Because children have recently been subjected to the real-life horrors of the terrorist attacks, many parents may find it hard to imagine a more inappropriate time for a holiday that celebrates fear and ghoulishness.

But, despite major malls across the country cancelling their “trick or treating” tradition this year, mental health experts say that going on with life — including Halloween — is one of the best ways parents can restore a sense of security and comfort in their kids’ lives.

Just be sensitive, they add.

“Routines and customary activities are really important to kids, and those events may be more important than ever with all the turmoil and chaos going on in the world,” explains Doctor, a child psychiatrist and associate professor of psychiatry at Albany Medical College in New York.

MacIntyre says abrupt changes in those routines, instead of fending off fear, can sometimes have the opposite effect of sparking a sense of alarm.

“Kids take a lot of cues from their parents’ reactions to things, so I would say for starters, people shouldn’t think they should cancel the usual holiday routines or things they like to do on Halloween,” he adds.

MacIntyre cautions, however, that parents should be sensitive if kids don’t want to participate in normal Halloween activities.
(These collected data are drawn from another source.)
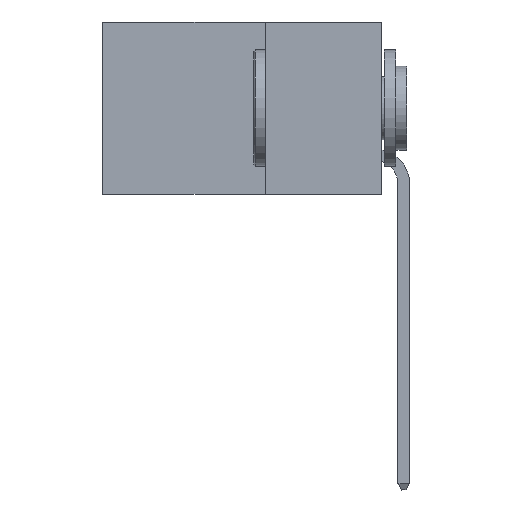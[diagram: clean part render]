
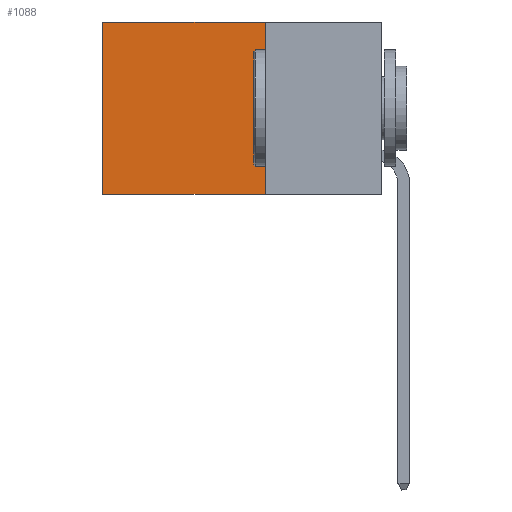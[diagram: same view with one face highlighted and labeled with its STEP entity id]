
A CAD part, left-side view. The second image highlights one B-rep face of the part: STEP entity #1088.
In plain terms, the highlighted planar face has unit normal (-1, 0, 0).
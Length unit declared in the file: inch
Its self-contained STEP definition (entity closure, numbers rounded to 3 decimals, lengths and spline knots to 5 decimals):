
#262 = CARTESIAN_POINT ( 'NONE',  ( 0.2875, 0.6, 0. ) ) ;
#1009 = CARTESIAN_POINT ( 'NONE',  ( 0.2875, 0.25, 0. ) ) ;
#1078 = EDGE_CURVE ( 'NONE', #10415, #7902, #4546, .T. ) ;
#1088 = ADVANCED_FACE ( 'NONE', ( #4165 ), #9219, .F. ) ;
#2451 = CARTESIAN_POINT ( 'NONE',  ( 0.2875, 0.6, -0.37 ) ) ;
#2776 = ORIENTED_EDGE ( 'NONE', *, *, #1078, .F. ) ;
#2799 = LINE ( 'NONE', #262, #7433 ) ;
#2830 = AXIS2_PLACEMENT_3D ( 'NONE', #6648, #4303, #5863 ) ;
#2879 = DIRECTION ( 'NONE',  ( 0., 1., 0. ) ) ;
#3052 = EDGE_CURVE ( 'NONE', #7902, #6991, #10044, .T. ) ;
#4165 = FACE_OUTER_BOUND ( 'NONE', #6559, .T. ) ;
#4194 = LINE ( 'NONE', #8596, #9989 ) ;
#4303 = DIRECTION ( 'NONE',  ( 1., 0., 0. ) ) ;
#4320 = DIRECTION ( 'NONE',  ( 0., 0., -1. ) ) ;
#4546 = LINE ( 'NONE', #6614, #6476 ) ;
#5490 = EDGE_CURVE ( 'NONE', #10415, #10153, #4194, .T. ) ;
#5863 = DIRECTION ( 'NONE',  ( 0., 0., -1. ) ) ;
#6476 = VECTOR ( 'NONE', #9062, 39.37008 ) ;
#6559 = EDGE_LOOP ( 'NONE', ( #9949, #8909, #2776, #9844 ) ) ;
#6614 = CARTESIAN_POINT ( 'NONE',  ( 0.2875, 0.25, 0. ) ) ;
#6648 = CARTESIAN_POINT ( 'NONE',  ( 0.2875, 0.25, 0. ) ) ;
#6826 = VECTOR ( 'NONE', #8766, 39.37008 ) ;
#6991 = VERTEX_POINT ( 'NONE', #2451 ) ;
#7433 = VECTOR ( 'NONE', #4320, 39.37008 ) ;
#7902 = VERTEX_POINT ( 'NONE', #8570 ) ;
#8542 = EDGE_CURVE ( 'NONE', #10153, #6991, #2799, .T. ) ;
#8570 = CARTESIAN_POINT ( 'NONE',  ( 0.2875, 0.25, -0.37 ) ) ;
#8596 = CARTESIAN_POINT ( 'NONE',  ( 0.2875, 0.25, 0. ) ) ;
#8766 = DIRECTION ( 'NONE',  ( 0., 1., 0. ) ) ;
#8909 = ORIENTED_EDGE ( 'NONE', *, *, #3052, .F. ) ;
#9062 = DIRECTION ( 'NONE',  ( 0., 0., -1. ) ) ;
#9219 = PLANE ( 'NONE',  #2830 ) ;
#9844 = ORIENTED_EDGE ( 'NONE', *, *, #5490, .T. ) ;
#9949 = ORIENTED_EDGE ( 'NONE', *, *, #8542, .T. ) ;
#9989 = VECTOR ( 'NONE', #2879, 39.37008 ) ;
#10044 = LINE ( 'NONE', #10419, #6826 ) ;
#10153 = VERTEX_POINT ( 'NONE', #10185 ) ;
#10185 = CARTESIAN_POINT ( 'NONE',  ( 0.2875, 0.6, 0. ) ) ;
#10415 = VERTEX_POINT ( 'NONE', #1009 ) ;
#10419 = CARTESIAN_POINT ( 'NONE',  ( 0.2875, 0.25, -0.37 ) ) ;
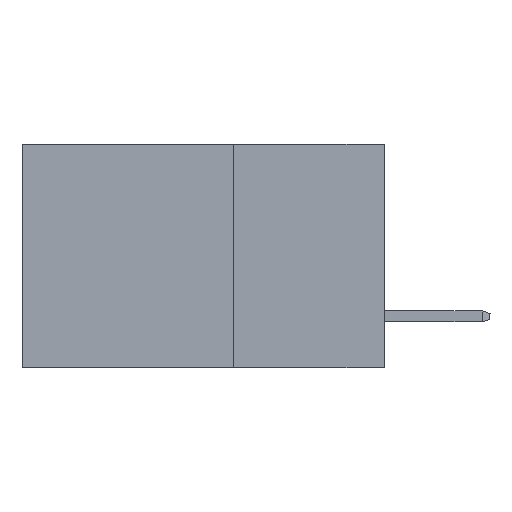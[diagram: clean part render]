
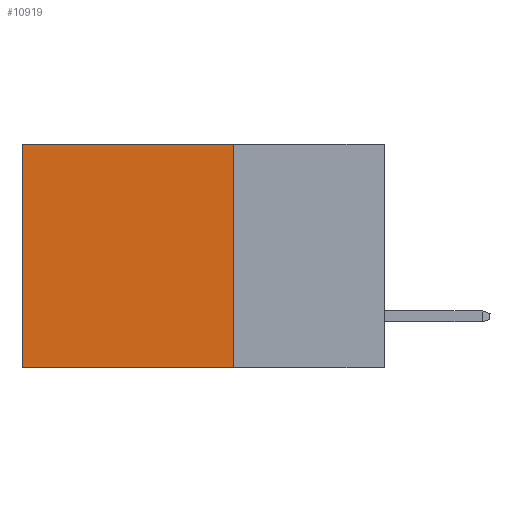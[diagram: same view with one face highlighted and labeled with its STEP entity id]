
A CAD part, left-side view. The second image highlights one B-rep face of the part: STEP entity #10919.
In plain terms, the highlighted planar face has unit normal (-1, 0, 0).
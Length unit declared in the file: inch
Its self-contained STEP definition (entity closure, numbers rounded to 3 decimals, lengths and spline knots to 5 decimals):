
#440 = LINE ( 'NONE', #14084, #11694 ) ;
#1471 = DIRECTION ( 'NONE',  ( 0., 1., 0. ) ) ;
#1521 = VECTOR ( 'NONE', #15374, 39.37008 ) ;
#1769 = VERTEX_POINT ( 'NONE', #5575 ) ;
#3558 = CARTESIAN_POINT ( 'NONE',  ( 0.2615, 0.6, -0.37 ) ) ;
#3641 = VERTEX_POINT ( 'NONE', #3558 ) ;
#3784 = DIRECTION ( 'NONE',  ( 0., 0., -1. ) ) ;
#4482 = DIRECTION ( 'NONE',  ( 1., 0., 0. ) ) ;
#5026 = LINE ( 'NONE', #15188, #7892 ) ;
#5575 = CARTESIAN_POINT ( 'NONE',  ( 0.2615, 0.6, 0. ) ) ;
#5707 = FACE_OUTER_BOUND ( 'NONE', #8621, .T. ) ;
#5785 = ORIENTED_EDGE ( 'NONE', *, *, #9901, .F. ) ;
#6026 = ORIENTED_EDGE ( 'NONE', *, *, #14691, .F. ) ;
#6283 = LINE ( 'NONE', #12719, #1521 ) ;
#7275 = EDGE_CURVE ( 'NONE', #14077, #1769, #11464, .T. ) ;
#7741 = CARTESIAN_POINT ( 'NONE',  ( 0.2615, 0.25, 0. ) ) ;
#7885 = DIRECTION ( 'NONE',  ( 0., 0., -1. ) ) ;
#7892 = VECTOR ( 'NONE', #3784, 39.37008 ) ;
#8621 = EDGE_LOOP ( 'NONE', ( #16337, #5785, #6026, #11407 ) ) ;
#9578 = DIRECTION ( 'NONE',  ( 0., 0., -1. ) ) ;
#9705 = AXIS2_PLACEMENT_3D ( 'NONE', #11911, #4482, #9578 ) ;
#9901 = EDGE_CURVE ( 'NONE', #12612, #3641, #6283, .T. ) ;
#10655 = CARTESIAN_POINT ( 'NONE',  ( 0.2615, 0.25, 0. ) ) ;
#10755 = PLANE ( 'NONE',  #9705 ) ;
#10919 = ADVANCED_FACE ( 'NONE', ( #5707 ), #10755, .F. ) ;
#11407 = ORIENTED_EDGE ( 'NONE', *, *, #7275, .T. ) ;
#11464 = LINE ( 'NONE', #7741, #15703 ) ;
#11566 = EDGE_CURVE ( 'NONE', #1769, #3641, #5026, .T. ) ;
#11694 = VECTOR ( 'NONE', #7885, 39.37008 ) ;
#11911 = CARTESIAN_POINT ( 'NONE',  ( 0.2615, 0.25, -0.37 ) ) ;
#12612 = VERTEX_POINT ( 'NONE', #14284 ) ;
#12719 = CARTESIAN_POINT ( 'NONE',  ( 0.2615, 0.25, -0.37 ) ) ;
#14077 = VERTEX_POINT ( 'NONE', #10655 ) ;
#14084 = CARTESIAN_POINT ( 'NONE',  ( 0.2615, 0.25, -0.37 ) ) ;
#14284 = CARTESIAN_POINT ( 'NONE',  ( 0.2615, 0.25, -0.37 ) ) ;
#14691 = EDGE_CURVE ( 'NONE', #14077, #12612, #440, .T. ) ;
#15188 = CARTESIAN_POINT ( 'NONE',  ( 0.2615, 0.6, -0.37 ) ) ;
#15374 = DIRECTION ( 'NONE',  ( 0., 1., 0. ) ) ;
#15703 = VECTOR ( 'NONE', #1471, 39.37008 ) ;
#16337 = ORIENTED_EDGE ( 'NONE', *, *, #11566, .T. ) ;
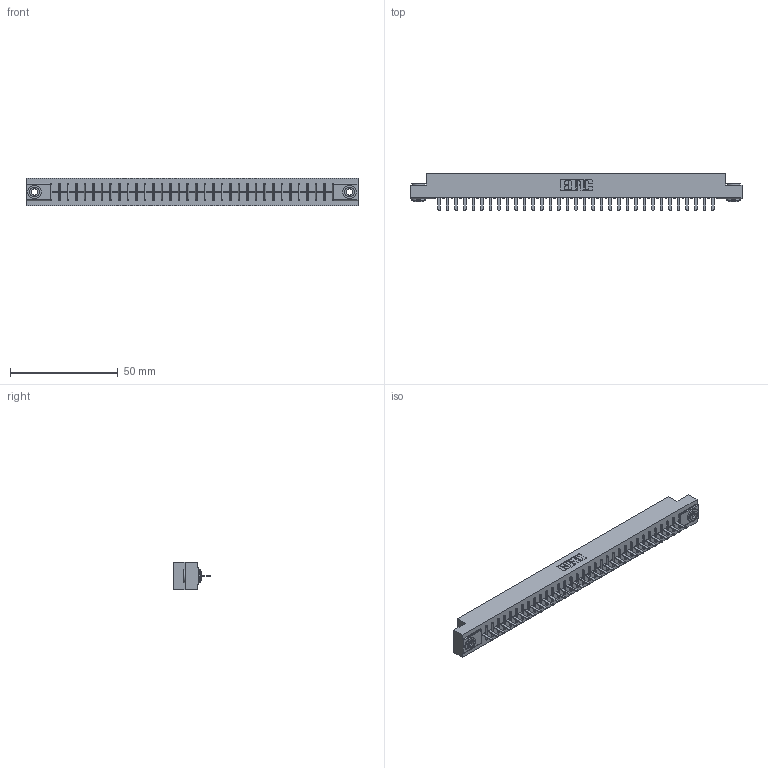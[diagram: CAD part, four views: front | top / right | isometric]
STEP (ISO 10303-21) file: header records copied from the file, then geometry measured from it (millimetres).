
FILE_DESCRIPTION (( 'STEP AP203' ), '1' );
FILE_NAME ('356-033-420-103.STEP', '2020-09-23T21:36:51', ( '' ), ( '' ), 'SwSTEP 2.0', 'SolidWorks 2020', '' );
FILE_SCHEMA (( 'CONFIG_CONTROL_DESIGN' ));
Length unit declared in the file: inch
Products named in the file (4): 306 Part_.156 Dia; 306-290-001_120; 356-033-420-103; 345-250-002_345-250-002-102
Assembly tree (36 placements, depth 2):
  356-033-420-103
    306 Part_.156 Dia
    306-290-001_120  x33
    345-250-002_345-250-002-102  x2
Bounding box: 153.77 x 17.12 x 12.7 mm (x, y, z)
Volume: 16927.3 mm3; surface area: 17549.5 mm2
Topology: 36 solids, 36 shells, 2478 faces, 6929 edges, 4438 vertices
Faces by surface type: plane 1643, cylinder 695, sphere 132, cone 8
Entity records: 32961 total; most frequent: CARTESIAN_POINT 5511, ORIENTED_EDGE 5454, DIRECTION 5449, EDGE_CURVE 2727, VECTOR 2121, LINE 2121, VERTEX_POINT 1726, AXIS2_PLACEMENT_3D 1664
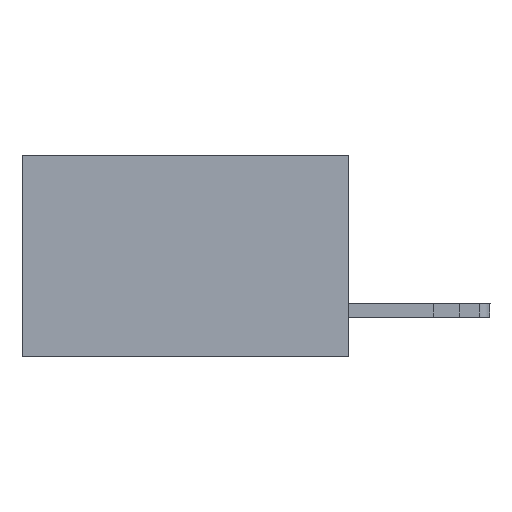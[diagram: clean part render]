
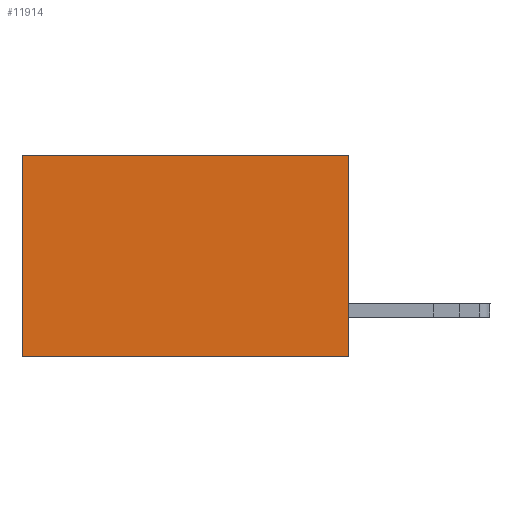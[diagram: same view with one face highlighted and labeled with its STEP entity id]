
A CAD part, left-side view. The second image highlights one B-rep face of the part: STEP entity #11914.
In plain terms, the highlighted planar face has unit normal (-1, 0, 0).
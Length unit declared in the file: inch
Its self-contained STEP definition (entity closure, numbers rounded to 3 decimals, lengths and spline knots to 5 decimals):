
#498 = CARTESIAN_POINT ( 'NONE',  ( 0.2615, 0., -0.37 ) ) ;
#2159 = ORIENTED_EDGE ( 'NONE', *, *, #18076, .F. ) ;
#2989 = VERTEX_POINT ( 'NONE', #4202 ) ;
#3231 = VERTEX_POINT ( 'NONE', #15715 ) ;
#3313 = LINE ( 'NONE', #6596, #19209 ) ;
#4202 = CARTESIAN_POINT ( 'NONE',  ( 0.2615, 0.6, -0.37 ) ) ;
#5002 = EDGE_CURVE ( 'NONE', #3231, #2989, #3313, .T. ) ;
#5144 = EDGE_LOOP ( 'NONE', ( #10179, #11266, #2159, #9882 ) ) ;
#5574 = VECTOR ( 'NONE', #17801, 39.37008 ) ;
#5721 = VERTEX_POINT ( 'NONE', #10515 ) ;
#6381 = CARTESIAN_POINT ( 'NONE',  ( 0.2615, 0., 0. ) ) ;
#6596 = CARTESIAN_POINT ( 'NONE',  ( 0.2615, 0., -0.37 ) ) ;
#7484 = DIRECTION ( 'NONE',  ( 0., 1., 0. ) ) ;
#7518 = LINE ( 'NONE', #498, #18503 ) ;
#7700 = PLANE ( 'NONE',  #15067 ) ;
#8229 = DIRECTION ( 'NONE',  ( 0., 0., -1. ) ) ;
#8987 = VERTEX_POINT ( 'NONE', #12914 ) ;
#9642 = EDGE_CURVE ( 'NONE', #5721, #8987, #19269, .T. ) ;
#9882 = ORIENTED_EDGE ( 'NONE', *, *, #9642, .T. ) ;
#10179 = ORIENTED_EDGE ( 'NONE', *, *, #18916, .T. ) ;
#10249 = FACE_OUTER_BOUND ( 'NONE', #5144, .T. ) ;
#10515 = CARTESIAN_POINT ( 'NONE',  ( 0.2615, 0., 0. ) ) ;
#10685 = DIRECTION ( 'NONE',  ( 0., 0., -1. ) ) ;
#10888 = VECTOR ( 'NONE', #12461, 39.37008 ) ;
#11126 = DIRECTION ( 'NONE',  ( 1., 0., 0. ) ) ;
#11266 = ORIENTED_EDGE ( 'NONE', *, *, #5002, .F. ) ;
#11914 = ADVANCED_FACE ( 'NONE', ( #10249 ), #7700, .F. ) ;
#12461 = DIRECTION ( 'NONE',  ( 0., 1., 0. ) ) ;
#12914 = CARTESIAN_POINT ( 'NONE',  ( 0.2615, 0.6, 0. ) ) ;
#15067 = AXIS2_PLACEMENT_3D ( 'NONE', #18191, #11126, #10685 ) ;
#15715 = CARTESIAN_POINT ( 'NONE',  ( 0.2615, 0., -0.37 ) ) ;
#16283 = CARTESIAN_POINT ( 'NONE',  ( 0.2615, 0.6, -0.37 ) ) ;
#17584 = LINE ( 'NONE', #16283, #5574 ) ;
#17801 = DIRECTION ( 'NONE',  ( 0., 0., -1. ) ) ;
#18076 = EDGE_CURVE ( 'NONE', #5721, #3231, #7518, .T. ) ;
#18191 = CARTESIAN_POINT ( 'NONE',  ( 0.2615, 0., -0.37 ) ) ;
#18503 = VECTOR ( 'NONE', #8229, 39.37008 ) ;
#18916 = EDGE_CURVE ( 'NONE', #8987, #2989, #17584, .T. ) ;
#19209 = VECTOR ( 'NONE', #7484, 39.37008 ) ;
#19269 = LINE ( 'NONE', #6381, #10888 ) ;
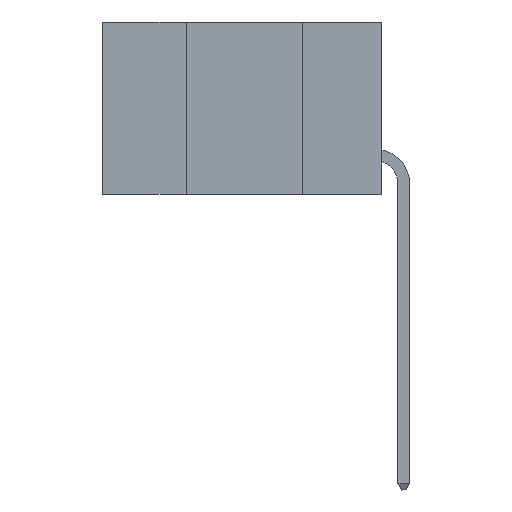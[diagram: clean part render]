
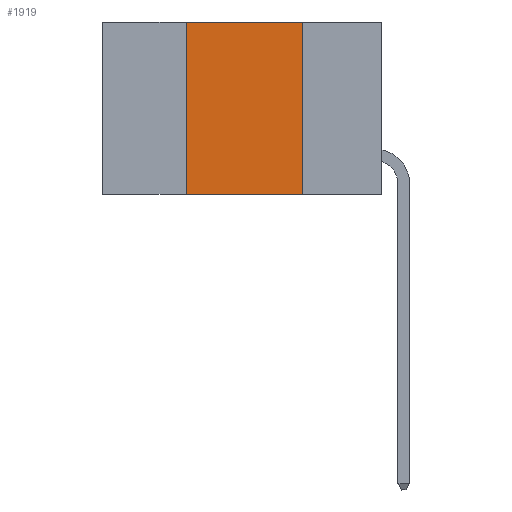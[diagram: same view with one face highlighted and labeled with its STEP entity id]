
A CAD part, left-side view. The second image highlights one B-rep face of the part: STEP entity #1919.
In plain terms, the highlighted planar face has unit normal (-1, 0, 0).
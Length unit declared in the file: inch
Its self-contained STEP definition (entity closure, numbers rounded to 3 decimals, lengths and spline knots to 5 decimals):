
#45 = ORIENTED_EDGE ( 'NONE', *, *, #15222, .F. ) ;
#1530 = ORIENTED_EDGE ( 'NONE', *, *, #5284, .T. ) ;
#1576 = CARTESIAN_POINT ( 'NONE',  ( 0., 0.42, 0. ) ) ;
#1919 = ADVANCED_FACE ( 'NONE', ( #14062 ), #13756, .F. ) ;
#2802 = CARTESIAN_POINT ( 'NONE',  ( 0., 0.6, 0. ) ) ;
#2941 = VERTEX_POINT ( 'NONE', #16154 ) ;
#4200 = VERTEX_POINT ( 'NONE', #14411 ) ;
#4448 = LINE ( 'NONE', #15687, #15501 ) ;
#4489 = VERTEX_POINT ( 'NONE', #5719 ) ;
#4941 = DIRECTION ( 'NONE',  ( 1., 0., 0. ) ) ;
#5284 = EDGE_CURVE ( 'NONE', #4200, #15040, #14347, .T. ) ;
#5460 = AXIS2_PLACEMENT_3D ( 'NONE', #7422, #4941, #8801 ) ;
#5719 = CARTESIAN_POINT ( 'NONE',  ( 0., 0.17, 0. ) ) ;
#5872 = DIRECTION ( 'NONE',  ( 0., -1., 0. ) ) ;
#6539 = DIRECTION ( 'NONE',  ( 0., -1., 0. ) ) ;
#6594 = VECTOR ( 'NONE', #6539, 39.37008 ) ;
#7422 = CARTESIAN_POINT ( 'NONE',  ( 0., 0.6, 0. ) ) ;
#7736 = EDGE_CURVE ( 'NONE', #4489, #15040, #4448, .T. ) ;
#8269 = CARTESIAN_POINT ( 'NONE',  ( 0., 0.6, -0.37 ) ) ;
#8473 = CARTESIAN_POINT ( 'NONE',  ( 0., 0.17, -0.37 ) ) ;
#8715 = ORIENTED_EDGE ( 'NONE', *, *, #7736, .F. ) ;
#8801 = DIRECTION ( 'NONE',  ( 0., 0., -1. ) ) ;
#9935 = LINE ( 'NONE', #2802, #6594 ) ;
#10598 = LINE ( 'NONE', #1576, #15571 ) ;
#11012 = EDGE_CURVE ( 'NONE', #2941, #4489, #9935, .T. ) ;
#11278 = ORIENTED_EDGE ( 'NONE', *, *, #11012, .F. ) ;
#11398 = EDGE_LOOP ( 'NONE', ( #8715, #11278, #45, #1530 ) ) ;
#11667 = DIRECTION ( 'NONE',  ( 0., 0., 1. ) ) ;
#13016 = DIRECTION ( 'NONE',  ( 0., 0., -1. ) ) ;
#13756 = PLANE ( 'NONE',  #5460 ) ;
#14062 = FACE_OUTER_BOUND ( 'NONE', #11398, .T. ) ;
#14347 = LINE ( 'NONE', #8269, #15954 ) ;
#14411 = CARTESIAN_POINT ( 'NONE',  ( 0., 0.42, -0.37 ) ) ;
#15040 = VERTEX_POINT ( 'NONE', #8473 ) ;
#15222 = EDGE_CURVE ( 'NONE', #4200, #2941, #10598, .T. ) ;
#15501 = VECTOR ( 'NONE', #13016, 39.37008 ) ;
#15571 = VECTOR ( 'NONE', #11667, 39.37008 ) ;
#15687 = CARTESIAN_POINT ( 'NONE',  ( 0., 0.17, 0. ) ) ;
#15954 = VECTOR ( 'NONE', #5872, 39.37008 ) ;
#16154 = CARTESIAN_POINT ( 'NONE',  ( 0., 0.42, 0. ) ) ;

“If kids are expressing fears or apprehensions about going out in the dark or going out trick-or-treating, then by all means, don’t force the issue of doing it for the sake of getting back to normal. It really may be a reaction to the truly scary things that are going on around the world,” he says.

On the other hand, even if kids are frothing at the bit to dress up and hit the candy trail, parents may still want to exercise some extra sensitivity, adds Doctor, medical director of Child and Adolescent Services at the Center for Emotional and Behavioral Health, Indian River Memorial Hospital in Vero Beach, Fla.

“This obviously isn’t the year for us as a nation to be thinking about the most frightening of costumes — the Freddy Kreuger and gory characters from ‘Scream,’ or other similar masks that have been so popular in the past,” she says.

Linger notes that some communities have even decided to shift their festivities to All Saints’ Day, the day after Halloween, when people dress up as someone they greatly admire.